Does anyone else feel like this is a massive invasion of privacy? How does
this help anyone wikileaks?

------
Teapot
World War 3 was mentioned because it was unclear what was going on. I remember
myself thinking that if anyone overreacts, things can go from bad to worse.
And if that triggers an overreaction response - things _could_ escalate on its
own.

------
bas1l
Interesting.

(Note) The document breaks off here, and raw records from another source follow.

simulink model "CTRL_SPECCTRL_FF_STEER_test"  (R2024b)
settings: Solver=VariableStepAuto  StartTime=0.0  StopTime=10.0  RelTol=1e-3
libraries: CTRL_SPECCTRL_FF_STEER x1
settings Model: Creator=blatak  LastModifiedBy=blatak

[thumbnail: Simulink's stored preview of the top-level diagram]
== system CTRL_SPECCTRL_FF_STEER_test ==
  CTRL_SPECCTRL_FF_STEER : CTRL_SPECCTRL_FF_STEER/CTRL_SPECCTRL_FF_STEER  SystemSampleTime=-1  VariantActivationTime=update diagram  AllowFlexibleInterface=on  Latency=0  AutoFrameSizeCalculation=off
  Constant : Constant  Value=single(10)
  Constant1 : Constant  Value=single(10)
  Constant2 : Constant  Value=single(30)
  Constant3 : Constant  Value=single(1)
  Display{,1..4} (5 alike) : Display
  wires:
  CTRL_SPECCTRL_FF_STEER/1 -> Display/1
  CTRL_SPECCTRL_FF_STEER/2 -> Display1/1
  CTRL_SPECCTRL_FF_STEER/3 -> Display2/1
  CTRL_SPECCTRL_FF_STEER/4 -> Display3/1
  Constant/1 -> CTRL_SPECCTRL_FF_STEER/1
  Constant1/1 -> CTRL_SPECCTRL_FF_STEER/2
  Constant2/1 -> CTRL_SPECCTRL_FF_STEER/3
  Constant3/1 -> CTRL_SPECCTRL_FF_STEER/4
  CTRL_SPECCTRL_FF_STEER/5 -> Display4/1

A simple analysis shows that first and second most common words
are "call" and "please".

"evacuated" is mentioned 4758 times (22nd place) "terrorist" is mentioned 3505
times (48th place) "fire" is mentioned 2176 times (96th place) "love" is
mentioned 1671 times (128th place) "john" is mentioned 1393 times (175th
place) "alive" is mentioned 187 times "shit" is mentioned 41 times

See top 500 here: <http://pastebin.com/Fs6nMyJm>

------
sixQuarks
There's so much junk in there. Frustrating to look through.

------
marcamillion
Not to hijack this thread...but as a non-believer in conspiracies, I was
recently discussing with someone about whether or not the towers fell at
9.8m/s.

The claim is that it was 'measured', and determined that both towers fell at
close to that rate.

The implication being that a 'non-intentional' demolition of the towers could
not have caused them to fall at close to the standard rate of bodies in free
fall.

I would love to hear some thoughts on this theory.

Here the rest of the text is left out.